I have written about the importance of candor in earlier posts. When teams are unable to communicate effectively, problems start manifesting themselves from all angles. Most start up teams comprise of 3-5 individuals who usually work in very close proximity. When these individuals are unable to speak their mind or voice their opinions, tension begins to build up. I have noticed that this phenomenon occurs more where teams are comprised of individuals from the east rather than the west. I do believe this has much to do with culture. In Malcom Gladwell’s new book ‘Outliers’ his research validates this claim, delineating how Asian cultures affect the way an individual is supposed to communicate with another. It is about not ruffling feathers and ensuring that a status quo be maintained.

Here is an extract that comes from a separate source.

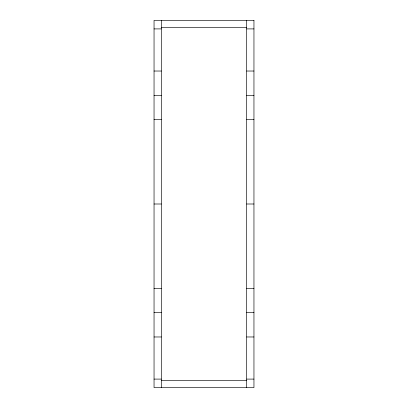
<?xml version="1.0" encoding="UTF-8"?>
<svg xmlns="http://www.w3.org/2000/svg" width="408" height="408" viewBox="0 0 408 408"><rect width="100%" height="100%" fill="white"/><g stroke="black" fill="none" stroke-linecap="round" stroke-linejoin="round"><path stroke-width="0.61" d="M161.339 27.693L246.661 27.693M154.046 28.907L161.339 28.907M246.661 28.907L253.954 28.907M154.046 71.028L161.339 71.028M246.661 71.028L253.954 71.028M154.046 95.334L161.339 95.334M246.661 95.334L253.954 95.334M154.046 119.646L161.339 119.646M246.661 119.646L253.954 119.646M154.046 204L161.339 204M246.661 204L253.954 204M154.046 288.354L161.339 288.354M246.661 288.354L253.954 288.354M154.046 312.666L161.339 312.666M246.661 312.666L253.954 312.666M154.046 336.972L161.339 336.972M246.661 336.972L253.954 336.972M154.046 379.093L161.339 379.093M246.661 379.093L253.954 379.093M161.339 380.307L246.661 380.307M246.661 20.4L246.661 387.6M161.339 20.4L161.339 387.6M253.954 20.4L154.046 20.4L154.046 387.6L253.954 387.6L253.954 20.4"/></g></svg>

As a direct result of this mindset, conflicts are avoided at all costs. This further intensifies any frustrations plaguing the team. Lets face it, no one wants to be the one to bring bad news to the table. This is more the case when the team comprises of friends or associates you have been working with for an extended period of time. The feeling that there is a lot more at stake compels us to push these frustrations deeper. As a result of this almost unnatural behavior, the competing interests I spoke about yesterday begin to surface. Alternative routes available to team members start to become more attractive and this leads to greater diffractions in the team.

Lack of candor is a serious issue, one I have personally witnessed many a time. Writing about it is one thing,  putting yourself out there and talking about this uncomfortable situation is a completely different matter. To a large extent, the development of a culture of candor is dependent on the founders or individuals leading the group. It is only when all team members are comfortable talking about these matters and are assured that their comments and feedback help the team progress, will one see greater buy in from everyone. Undoubtedly this will require stepping out of your comfort zone. The benefits far outweigh the downside in this matter. More importantly, the future of your team may depend on it.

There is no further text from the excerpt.